Conversation Starter

Buying a home – it’s a big deal and a huge decision to make with a lot of factors that play into it. If you’re in our current rental market, chances are you’re paying a pretty penny every month so why not take the next step and use that money to pay your own mortgage? Let me expand on that.

Let’s start the conversation… It’s important to understand the pros and cons of both options before making a decision. 


When it comes to renting, one of the major benefits is the flexibility it provides! You can typically move-out with only one months’ (30 days) notice and don’t have to worry about the costs of maintenance, repairs and in some cases, outdoor maintenance (depending on what type of property you are renting). On the flip-side, you don’t have the permission to make any aesthetic changes to the property as you see fit and if you do, you could lose the damage deposit that all landlords take for such cases. That said, with approval from the landlord they may allow you to renovate, paint and make certain changes, but it’s at your own cost and not an expense you can recover when you leave that rental. In other words, you’re paying to put equity into someone else’s property

Home Buying

There are some great advantages to buying a home. Owning a home gives you full control over your property and you can make changes as you please. All renovations and upgrades will benefit you in the long-term and increase your property value. All good news! Depending on your lifestyle and employment, you may be able to benefit from tax deductions, an example is if your residence is also your home business. 

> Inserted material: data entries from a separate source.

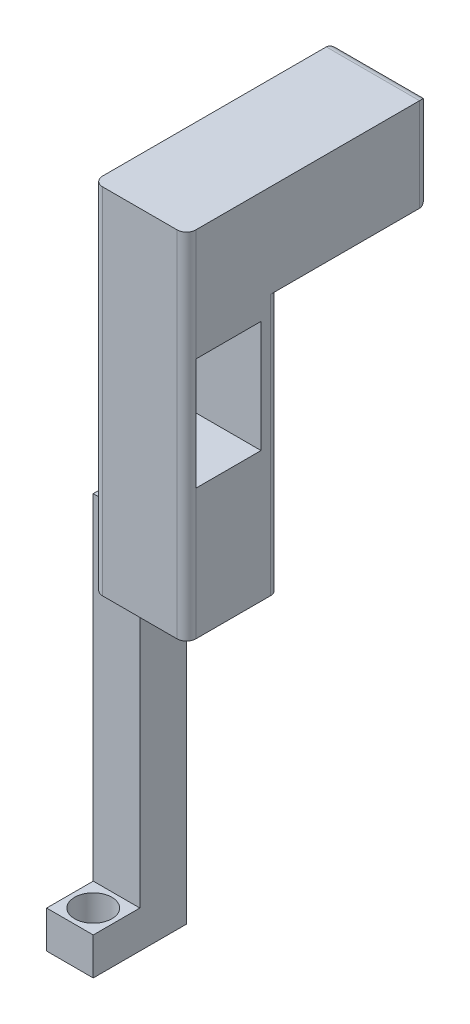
from build123d import *

# Parameters (mm, degrees)
SKETCH1_W           = 7.5
SKETCH1_H           = 5
BOSS_EXTRUDE1_DEPTH = 2
SKETCH2_W           = 5
SKETCH2_H           = 5
BOSS_EXTRUDE5_DEPTH = 17
SKETCH8_W           = 5
SKETCH8_H           = 5
BOSS_EXTRUDE6_DEPTH = 8
SKETCH9_W           = 2.5
SKETCH9_H           = 5
BOSS_EXTRUDE7_DEPTH = 18
SKETCH10_W          = 2.5
SKETCH10_H          = 18
CUT_EXTRUDE4_DEPTH  = 2.5
CUT_EXTRUDE5_DEPTH  = 2.5
FILLET2_R           = 0.5
SKETCH12_W          = 3.5
SKETCH12_H          = 6
CUT_EXTRUDE6_DEPTH  = 5


with BuildPart() as part:
    # Sketch1 → Boss-Extrude1 (new body)
    with BuildSketch(Plane(origin=(0, 0, 0), x_dir=(1, 0, 0), z_dir=(0, 1, 0))):
        Rectangle(SKETCH1_W, SKETCH1_H)
    extrude(amount=BOSS_EXTRUDE1_DEPTH)

    # Sketch2 → Boss-Extrude5 (add)
    with BuildSketch(Plane(origin=(0, 2, 0), x_dir=(1, 0, 0), z_dir=(0, 1, 0))):
        with Locations((1.25, 0)):
            Rectangle(SKETCH2_W, SKETCH2_H)
    extrude(amount=BOSS_EXTRUDE5_DEPTH)

    # Sketch8 → Boss-Extrude6 (add)
    with BuildSketch(Plane(origin=(0, 0, -2.5), x_dir=(-1, 0, 0), z_dir=(0, 0, -1))):
        with Locations((-1.25, 16.5)):
            Rectangle(SKETCH8_W, SKETCH8_H)
    extrude(amount=BOSS_EXTRUDE6_DEPTH)

    # Sketch9 → Boss-Extrude7 (add)
    with BuildSketch(Plane.XZ):
        with Locations((-2.5, 0)):
            Rectangle(SKETCH9_W, SKETCH9_H)
    extrude(amount=BOSS_EXTRUDE7_DEPTH)

    # Sketch10 → Cut-Extrude4 (cut)
    with BuildSketch(Plane.ZY.offset(3.75)):
        with Locations((1.25, -7)):
            Rectangle(SKETCH10_W, SKETCH10_H)
    extrude(amount=-CUT_EXTRUDE4_DEPTH, mode=Mode.SUBTRACT)

    # Sketch11 → Cut-Extrude5 (cut)
    with BuildSketch(Plane(origin=(0, -16, 0), x_dir=(1, 0, 0), z_dir=(0, 1, 0))):
        with BuildLine():
            ThreePointArc((-3.5, -1.25), (-2.5, -2.25), (-1.5, -1.25))
            Line((-1.5, -1.25), (-3.5, -1.25))
        make_face()
        with BuildLine():
            Line((-3.5, -1.25), (-1.5, -1.25))
            ThreePointArc((-1.5, -1.25), (-2.5, -0.25), (-3.5, -1.25))
        make_face()
        with BuildLine():
            ThreePointArc((-3.5, -1.25), (-2.5, -2.25), (-1.5, -1.25))
            Line((-1.5, -1.25), (-3.5, -1.25))
        make_face()
        with BuildLine():
            Line((-3.5, -1.25), (-1.5, -1.25))
            ThreePointArc((-1.5, -1.25), (-2.5, -0.25), (-3.5, -1.25))
        make_face()
    extrude(amount=-CUT_EXTRUDE5_DEPTH, mode=Mode.SUBTRACT)

    # Fillet2
    fillet2_edges = [part.edges().sort_by_distance(p)[0] for p in [
        (-1.25, 9.5, 2.5),
        (-1.25, 8, -2.5),
        (3.75, 7, -2.5),
        (3.75, 16.5, -10.5),
        (1.25, 14, -10.5),
        (-1.25, 16.5, -10.5),
        (1.25, 19, -10.5),
        (3.75, 9.5, 2.5),
    ]]
    fillet(fillet2_edges, radius=FILLET2_R)

    # Sketch12 → Cut-Extrude6 (cut)
    with BuildSketch(Plane.ZY.offset(1.25)):
        with Locations((0.25, 10)):
            Rectangle(SKETCH12_W, SKETCH12_H)
    extrude(amount=-CUT_EXTRUDE6_DEPTH, mode=Mode.SUBTRACT)


solid = part.part
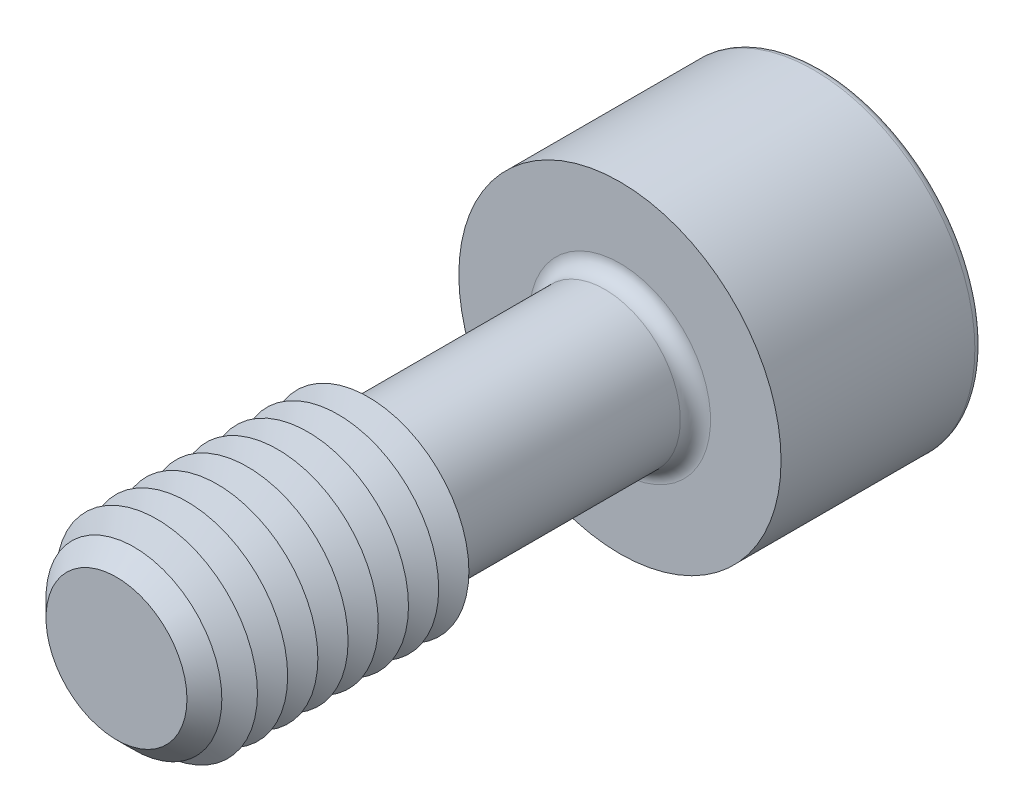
ISO-10303-21;
HEADER;
FILE_DESCRIPTION(('STEP AP214'),'2;1');
FILE_NAME('part.step','',(''),(''),'','','');
FILE_SCHEMA(('AUTOMOTIVE_DESIGN { 1 0 10303 214 1 1 1 1 }'));
ENDSEC;
DATA;
#1=APPLICATION_CONTEXT('core data for automotive mechanical design processes');
#2=APPLICATION_PROTOCOL_DEFINITION('international standard','automotive_design',2000,#1);
#3=PRODUCT_CONTEXT('',#1,'mechanical');
#4=PRODUCT('Part','Part','',(#3));
#5=PRODUCT_RELATED_PRODUCT_CATEGORY('part','',(#4));
#6=PRODUCT_DEFINITION_FORMATION('','',#4);
#7=PRODUCT_DEFINITION_CONTEXT('part definition',#1,'design');
#8=PRODUCT_DEFINITION('design','',#6,#7);
#9=PRODUCT_DEFINITION_SHAPE('','',#8);
#10=(LENGTH_UNIT() NAMED_UNIT(*) SI_UNIT(.MILLI.,.METRE.));
#11=(NAMED_UNIT(*) PLANE_ANGLE_UNIT() SI_UNIT($,.RADIAN.));
#12=(NAMED_UNIT(*) SI_UNIT($,.STERADIAN.) SOLID_ANGLE_UNIT());
#13=UNCERTAINTY_MEASURE_WITH_UNIT(LENGTH_MEASURE(1.E-05),#10,'distance_accuracy_value','');
#14=(GEOMETRIC_REPRESENTATION_CONTEXT(3) GLOBAL_UNCERTAINTY_ASSIGNED_CONTEXT((#13)) GLOBAL_UNIT_ASSIGNED_CONTEXT((#10,
#11,#12)) REPRESENTATION_CONTEXT('',''));
#15=CARTESIAN_POINT('',(0.,0.,0.));
#16=DIRECTION('',(0.,0.,1.));
#17=DIRECTION('',(1.,0.,0.));
#18=AXIS2_PLACEMENT_3D('',#15,#16,#17);
#19=CARTESIAN_POINT('',(-2.3094010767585,-4.,-14.5));
#20=DIRECTION('',(0.,0.,1.));
#21=DIRECTION('',(1.,0.,0.));
#22=AXIS2_PLACEMENT_3D('',#19,#20,#21);
#23=PLANE('',#22);
#24=DIRECTION('',(1.,0.,0.));
#25=VECTOR('',#24,1.);
#26=CARTESIAN_POINT('',(-2.3094010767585,-4.,-14.5));
#27=LINE('',#26,#25);
#28=CARTESIAN_POINT('',(0.,-4.,-14.5));
#29=VERTEX_POINT('',#28);
#30=CARTESIAN_POINT('',(2.3094010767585,-4.,-14.5));
#31=VERTEX_POINT('',#30);
#32=EDGE_CURVE('E761',#29,#31,#27,.T.);
#33=ORIENTED_EDGE('',*,*,#32,.F.);
#34=CARTESIAN_POINT('',(0.,0.,-14.5));
#35=DIRECTION('',(0.,0.,1.));
#36=DIRECTION('',(0.,-1.,0.));
#37=AXIS2_PLACEMENT_3D('',#34,#35,#36);
#38=CIRCLE('',#37,4.);
#39=CARTESIAN_POINT('',(3.46410161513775,-2.,-14.5));
#40=VERTEX_POINT('',#39);
#41=EDGE_CURVE('E53',#29,#40,#38,.T.);
#42=ORIENTED_EDGE('',*,*,#41,.T.);
#43=DIRECTION('',(0.5,0.866025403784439,0.));
#44=VECTOR('',#43,1.);
#45=CARTESIAN_POINT('',(2.3094010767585,-4.,-14.5));
#46=LINE('',#45,#44);
#47=EDGE_CURVE('E747',#31,#40,#46,.T.);
#48=ORIENTED_EDGE('',*,*,#47,.F.);
#49=EDGE_LOOP('',(#33,#42,#48));
#50=FACE_BOUND('',#49,.T.);
#51=ADVANCED_FACE('F41',(#50),#23,.F.);
#52=CARTESIAN_POINT('',(4.618802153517,0.,-14.5));
#53=VERTEX_POINT('',#52);
#54=EDGE_CURVE('E757',#40,#53,#46,.T.);
#55=ORIENTED_EDGE('',*,*,#54,.F.);
#56=CARTESIAN_POINT('',(3.46410161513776,2.,-14.5));
#57=VERTEX_POINT('',#56);
#58=EDGE_CURVE('E11',#40,#57,#38,.T.);
#59=ORIENTED_EDGE('',*,*,#58,.T.);
#60=DIRECTION('',(-0.5,0.866025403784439,0.));
#61=VECTOR('',#60,1.);
#62=CARTESIAN_POINT('',(4.618802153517,0.,-14.5));
#63=LINE('',#62,#61);
#64=EDGE_CURVE('E746',#53,#57,#63,.T.);
#65=ORIENTED_EDGE('',*,*,#64,.F.);
#66=EDGE_LOOP('',(#55,#59,#65));
#67=FACE_BOUND('',#66,.T.);
#68=ADVANCED_FACE('F133',(#67),#23,.F.);
#69=CARTESIAN_POINT('',(2.3094010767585,4.,-14.5));
#70=VERTEX_POINT('',#69);
#71=EDGE_CURVE('E741',#57,#70,#63,.T.);
#72=ORIENTED_EDGE('',*,*,#71,.F.);
#73=CARTESIAN_POINT('',(0.,4.,-14.5));
#74=VERTEX_POINT('',#73);
#75=EDGE_CURVE('E51',#57,#74,#38,.T.);
#76=ORIENTED_EDGE('',*,*,#75,.T.);
#77=DIRECTION('',(-1.,0.,0.));
#78=VECTOR('',#77,1.);
#79=CARTESIAN_POINT('',(2.3094010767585,4.,-14.5));
#80=LINE('',#79,#78);
#81=EDGE_CURVE('E177',#70,#74,#80,.T.);
#82=ORIENTED_EDGE('',*,*,#81,.F.);
#83=EDGE_LOOP('',(#72,#76,#82));
#84=FACE_BOUND('',#83,.T.);
#85=ADVANCED_FACE('F139',(#84),#23,.F.);
#86=CARTESIAN_POINT('',(-2.3094010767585,4.,-14.5));
#87=VERTEX_POINT('',#86);
#88=EDGE_CURVE('E752',#74,#87,#80,.T.);
#89=ORIENTED_EDGE('',*,*,#88,.F.);
#90=CARTESIAN_POINT('',(-3.46410161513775,2.,-14.5));
#91=VERTEX_POINT('',#90);
#92=EDGE_CURVE('E263',#74,#91,#38,.T.);
#93=ORIENTED_EDGE('',*,*,#92,.T.);
#94=DIRECTION('',(-0.500000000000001,-0.866025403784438,0.));
#95=VECTOR('',#94,1.);
#96=CARTESIAN_POINT('',(-2.3094010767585,4.,-14.5));
#97=LINE('',#96,#95);
#98=EDGE_CURVE('E176',#87,#91,#97,.T.);
#99=ORIENTED_EDGE('',*,*,#98,.F.);
#100=EDGE_LOOP('',(#89,#93,#99));
#101=FACE_BOUND('',#100,.T.);
#102=ADVANCED_FACE('F157',(#101),#23,.F.);
#103=CARTESIAN_POINT('',(-4.61880215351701,0.,-14.5));
#104=VERTEX_POINT('',#103);
#105=EDGE_CURVE('E170',#91,#104,#97,.T.);
#106=ORIENTED_EDGE('',*,*,#105,.F.);
#107=CARTESIAN_POINT('',(-3.46410161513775,-2.,-14.5));
#108=VERTEX_POINT('',#107);
#109=EDGE_CURVE('E172',#91,#108,#38,.T.);
#110=ORIENTED_EDGE('',*,*,#109,.T.);
#111=DIRECTION('',(0.5,-0.866025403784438,0.));
#112=VECTOR('',#111,1.);
#113=CARTESIAN_POINT('',(-4.61880215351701,0.,-14.5));
#114=LINE('',#113,#112);
#115=EDGE_CURVE('E174',#104,#108,#114,.T.);
#116=ORIENTED_EDGE('',*,*,#115,.F.);
#117=EDGE_LOOP('',(#106,#110,#116));
#118=FACE_BOUND('',#117,.T.);
#119=ADVANCED_FACE('F146',(#118),#23,.F.);
#120=CARTESIAN_POINT('',(0.,0.,-22.5));
#121=DIRECTION('',(0.,0.,-1.));
#122=DIRECTION('',(-1.,0.,0.));
#123=AXIS2_PLACEMENT_3D('',#120,#121,#122);
#124=PLANE('',#123);
#125=CARTESIAN_POINT('',(0.,0.,-22.5));
#126=DIRECTION('',(0.,0.,-1.));
#127=DIRECTION('',(-1.,0.,0.));
#128=AXIS2_PLACEMENT_3D('',#125,#126,#127);
#129=CIRCLE('',#128,7.625);
#130=CARTESIAN_POINT('',(-7.625,0.,-22.5));
#131=VERTEX_POINT('',#130);
#132=EDGE_CURVE('E250',#131,#131,#129,.T.);
#133=ORIENTED_EDGE('',*,*,#132,.T.);
#134=EDGE_LOOP('',(#133));
#135=FACE_BOUND('',#134,.T.);
#136=DIRECTION('',(-0.500000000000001,-0.866025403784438,0.));
#137=VECTOR('',#136,1.);
#138=CARTESIAN_POINT('',(-2.3094010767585,4.,-22.5));
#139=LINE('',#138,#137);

A disadvantage for some; a home can be a costly investment and as a homeowner you are responsible for all maintenance and repairs. It’s wise to have a ‘house savings’ for any major repairs or upgrades you’d like to do. Another con to home ownership is the inability to move quickly, should your lifestyle require it. 

Finding Your Dream Home – How I Help

During our initial conversation, I’ll detail all of the things you’ll need to do and documents you’ll provide. The first item on the list is your down-payment. Depending on your budget and the price of your home, your down payment will start at minimum 5%. If you’re unable to come up with that, I can help and give you options! All employment documents will be collected to have you pre-quality.  

Next Steps?

Once we know the amount you are eligible to borrow, we’ll set you up with one of our amazing Realtors we work with and then send you on your way to find your dream home!

It’s so important to do your research and consider all the factors before making a major decision. We’re here to help, it’s a full-cycle process and we’ll walk you through each step.